Hermes is rotten

And all the old Gods have faded: this was a turning ago, and as this turning ends again the Gods of the age will become rotten and dank. And the name Lesbia will again refer to an island.

Lesbia

GROW weary if you will, let me be sad.
Use no more speech now;
Let the silence spread gold hair above us,
Fold on delicate fold.
Use no more speech;
You had the ivory of my life to carve.…

And Picus of Mirandola is dead;
And all the gods they dreamed and fabled of,
Hermes, and Thoth and Bêl are rotten now,
Rotten and dank.

And through it all I see your pale Greek face;
Tenderness
Makes me eager as a little child to love you,
You morsel left half-cold on Cæsar’s plate.

Richard Aldington, 1913

I will add this: we could do with more silence and care, and less shouting and rights. For the poets overstate their status. They are the fools: they sing us their songs, and they are the clowns. John Wright has this correctly sorted.

Most poets would benefit for a time working in the soup kitchen.

““Publishing is undeniably a force for good,” Dohle continued. “But working in an industry that is inherently a service to society …”.”

Would that Robert Heinlein could rise from his grave, and with a scabby, undead but talented hand grasp this prideful weasel by the throat and explain the following in the breathy whisper stinking of the fumes from hell:

Markus Dohle, you dolt. We are in the clown business. Our job is to make the customer smile, or laugh, or on rare occasion, ponder some new thought, but only if it entertains him. We are not his teacher, his father confessor, his mother or his guru. We are his servant, the fool the king keeps by his throne to kick. In a free market, the customer is king.

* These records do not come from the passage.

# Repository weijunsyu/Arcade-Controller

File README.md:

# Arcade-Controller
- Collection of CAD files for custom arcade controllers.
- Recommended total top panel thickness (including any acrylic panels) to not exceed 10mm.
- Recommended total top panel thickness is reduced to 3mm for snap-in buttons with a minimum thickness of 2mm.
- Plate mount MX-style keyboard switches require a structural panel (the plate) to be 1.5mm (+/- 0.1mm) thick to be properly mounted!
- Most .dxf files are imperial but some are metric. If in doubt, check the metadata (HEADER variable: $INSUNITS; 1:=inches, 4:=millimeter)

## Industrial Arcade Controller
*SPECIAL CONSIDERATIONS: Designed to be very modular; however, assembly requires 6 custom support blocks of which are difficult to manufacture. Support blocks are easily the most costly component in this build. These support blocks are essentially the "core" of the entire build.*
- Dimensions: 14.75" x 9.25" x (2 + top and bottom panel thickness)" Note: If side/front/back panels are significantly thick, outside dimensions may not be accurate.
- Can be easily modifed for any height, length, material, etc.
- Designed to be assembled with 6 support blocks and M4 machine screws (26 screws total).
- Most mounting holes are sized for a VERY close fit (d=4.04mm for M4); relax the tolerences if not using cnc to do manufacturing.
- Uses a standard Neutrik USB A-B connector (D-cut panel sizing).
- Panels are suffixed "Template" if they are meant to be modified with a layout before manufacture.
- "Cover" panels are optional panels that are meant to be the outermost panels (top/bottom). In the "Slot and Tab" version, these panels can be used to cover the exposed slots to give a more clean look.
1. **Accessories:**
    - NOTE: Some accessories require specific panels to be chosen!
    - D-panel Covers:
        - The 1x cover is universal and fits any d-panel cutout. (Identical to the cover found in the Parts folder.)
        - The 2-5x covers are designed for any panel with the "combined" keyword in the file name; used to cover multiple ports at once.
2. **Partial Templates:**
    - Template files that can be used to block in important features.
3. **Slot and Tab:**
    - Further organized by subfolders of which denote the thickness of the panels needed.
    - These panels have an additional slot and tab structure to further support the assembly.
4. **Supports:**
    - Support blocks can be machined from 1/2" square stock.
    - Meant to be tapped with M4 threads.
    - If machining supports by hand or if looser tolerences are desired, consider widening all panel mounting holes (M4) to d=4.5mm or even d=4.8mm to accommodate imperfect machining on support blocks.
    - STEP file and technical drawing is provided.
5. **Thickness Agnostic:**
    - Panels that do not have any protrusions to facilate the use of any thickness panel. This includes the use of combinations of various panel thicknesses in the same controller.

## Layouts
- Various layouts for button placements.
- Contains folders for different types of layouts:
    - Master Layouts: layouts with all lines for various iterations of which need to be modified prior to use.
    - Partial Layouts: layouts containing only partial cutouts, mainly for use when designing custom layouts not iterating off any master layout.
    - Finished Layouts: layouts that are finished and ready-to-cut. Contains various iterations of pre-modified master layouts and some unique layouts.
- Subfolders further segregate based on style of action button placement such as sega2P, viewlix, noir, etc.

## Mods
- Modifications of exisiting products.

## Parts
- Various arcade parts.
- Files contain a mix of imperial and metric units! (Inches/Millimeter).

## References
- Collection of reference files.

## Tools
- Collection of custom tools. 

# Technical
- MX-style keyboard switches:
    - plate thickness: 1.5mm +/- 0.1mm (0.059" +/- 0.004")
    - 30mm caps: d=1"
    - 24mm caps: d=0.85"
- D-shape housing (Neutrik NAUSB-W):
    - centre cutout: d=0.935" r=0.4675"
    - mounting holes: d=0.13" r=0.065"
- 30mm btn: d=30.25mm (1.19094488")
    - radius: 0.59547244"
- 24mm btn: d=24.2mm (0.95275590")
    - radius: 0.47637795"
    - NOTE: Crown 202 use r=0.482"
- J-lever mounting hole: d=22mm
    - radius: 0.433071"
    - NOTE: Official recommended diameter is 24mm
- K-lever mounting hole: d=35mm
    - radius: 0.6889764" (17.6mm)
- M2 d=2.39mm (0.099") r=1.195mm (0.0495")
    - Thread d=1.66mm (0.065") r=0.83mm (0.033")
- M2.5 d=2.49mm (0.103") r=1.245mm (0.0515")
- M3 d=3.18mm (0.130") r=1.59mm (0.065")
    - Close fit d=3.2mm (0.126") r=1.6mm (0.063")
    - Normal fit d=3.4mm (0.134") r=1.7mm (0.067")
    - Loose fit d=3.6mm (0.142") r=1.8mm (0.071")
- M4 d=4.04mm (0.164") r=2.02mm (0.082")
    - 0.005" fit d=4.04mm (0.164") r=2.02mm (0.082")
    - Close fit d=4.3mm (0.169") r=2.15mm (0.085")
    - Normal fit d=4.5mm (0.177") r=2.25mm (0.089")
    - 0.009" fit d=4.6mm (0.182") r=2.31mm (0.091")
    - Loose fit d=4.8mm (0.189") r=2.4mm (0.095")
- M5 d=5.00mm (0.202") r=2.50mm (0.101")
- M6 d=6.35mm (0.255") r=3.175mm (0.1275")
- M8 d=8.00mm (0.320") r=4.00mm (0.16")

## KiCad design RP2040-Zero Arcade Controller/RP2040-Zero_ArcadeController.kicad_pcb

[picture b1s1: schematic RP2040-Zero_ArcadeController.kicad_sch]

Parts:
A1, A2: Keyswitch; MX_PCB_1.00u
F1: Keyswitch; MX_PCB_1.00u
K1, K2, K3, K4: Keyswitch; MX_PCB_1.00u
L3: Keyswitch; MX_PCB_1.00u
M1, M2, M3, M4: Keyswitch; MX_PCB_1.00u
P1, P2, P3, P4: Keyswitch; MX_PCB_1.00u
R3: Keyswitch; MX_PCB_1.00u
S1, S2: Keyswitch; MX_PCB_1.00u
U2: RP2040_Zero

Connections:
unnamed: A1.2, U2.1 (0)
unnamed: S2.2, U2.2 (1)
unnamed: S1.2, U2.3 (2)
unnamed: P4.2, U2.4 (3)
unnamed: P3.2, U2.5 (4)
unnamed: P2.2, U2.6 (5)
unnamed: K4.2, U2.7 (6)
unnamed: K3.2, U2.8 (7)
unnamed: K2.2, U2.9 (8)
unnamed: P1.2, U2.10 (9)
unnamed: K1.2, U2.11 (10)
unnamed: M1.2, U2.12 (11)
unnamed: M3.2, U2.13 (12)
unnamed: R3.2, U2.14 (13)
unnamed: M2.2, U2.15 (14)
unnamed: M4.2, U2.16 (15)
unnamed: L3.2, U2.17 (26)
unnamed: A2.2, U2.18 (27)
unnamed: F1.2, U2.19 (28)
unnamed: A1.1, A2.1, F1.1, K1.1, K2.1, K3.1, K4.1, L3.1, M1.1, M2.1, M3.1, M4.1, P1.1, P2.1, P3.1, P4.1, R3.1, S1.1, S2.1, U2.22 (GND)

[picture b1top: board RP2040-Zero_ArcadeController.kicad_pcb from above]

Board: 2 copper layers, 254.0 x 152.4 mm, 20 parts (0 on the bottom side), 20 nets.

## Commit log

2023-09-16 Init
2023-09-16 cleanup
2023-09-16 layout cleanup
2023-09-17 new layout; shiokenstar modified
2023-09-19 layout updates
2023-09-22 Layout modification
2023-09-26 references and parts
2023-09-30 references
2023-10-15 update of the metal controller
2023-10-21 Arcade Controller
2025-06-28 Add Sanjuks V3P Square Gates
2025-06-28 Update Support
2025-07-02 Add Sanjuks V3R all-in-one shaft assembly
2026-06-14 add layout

We are competing for his beer money. He could buy a computer game, a comic book, a pack of songs or a pack of smokes instead with the money we ask him to plunk down on the barrel head for books about space marines in power armor or men from Mars named Smith.

If the customer wanted us to do social engineering, they would have voted for us for alderman. If they wanted us to lead a crusade, they would have written a letter to the Pope.

They want us to sing a song, say a poem, tell a love story, tell a tall tale of adventure, make dark days bright, boring days memorable, and to remind them of what the world really should be.

It is a godlike task, not to be taken lightly. But that is the whole task.

Shut up and publish books. If honest love of honest craftsmanship is not enough to make you love your work, them go pass out soup to the poor in a soup kitchen.

The last turning but one died in the charnel house that was the long war, from 1914 to 1990. And we are fools to think that the twentyfive years of peace we have had after that, and the Gods of this age, will last longer than the Edwardian ones did.

2 thoughts on “Hermes is rotten

  1. John Wright has it down pat. If Heinlein’s resurection ghoul could arise and ‘grasp this prideful weasel by the throat’ he would probably refer it to the French word for entertainment – ‘divertissement’ [to divert] and then perhaps point him in the direction of Jacques Ellul and his prophetic [and ignored] observational work, ‘Propaganda. The Formation of Mens Attitudes’.

    We have a choice..’as it was in the days of Noah so shall also the coming of the Son of man be.For as in the days that were before the flood they were eating and drinking, marrying and giving in marriage, until the day that Noah entered into the ark,..

    or ….For there our captors demanded of us songs, And our tormentors mirth, saying, “Sing us one of the songs of Zion.” How can we sing the LORD’S song In a foreign land?

    Tomorrow they bury my friend and faithful servant of the Christ. He suffered much and wasn’t healed at the eleventh hour, despite his prayers healing many others. I doubt he would want it now. He has a new song and a long time to sing it in his real home.

    Hit it Phil!

    1. Yeah. We lost someone over the weekend and work is in grief down here. Prayers for the family.

      And I want my good old fashioned fun back. Some people, like John Wright, still make such books.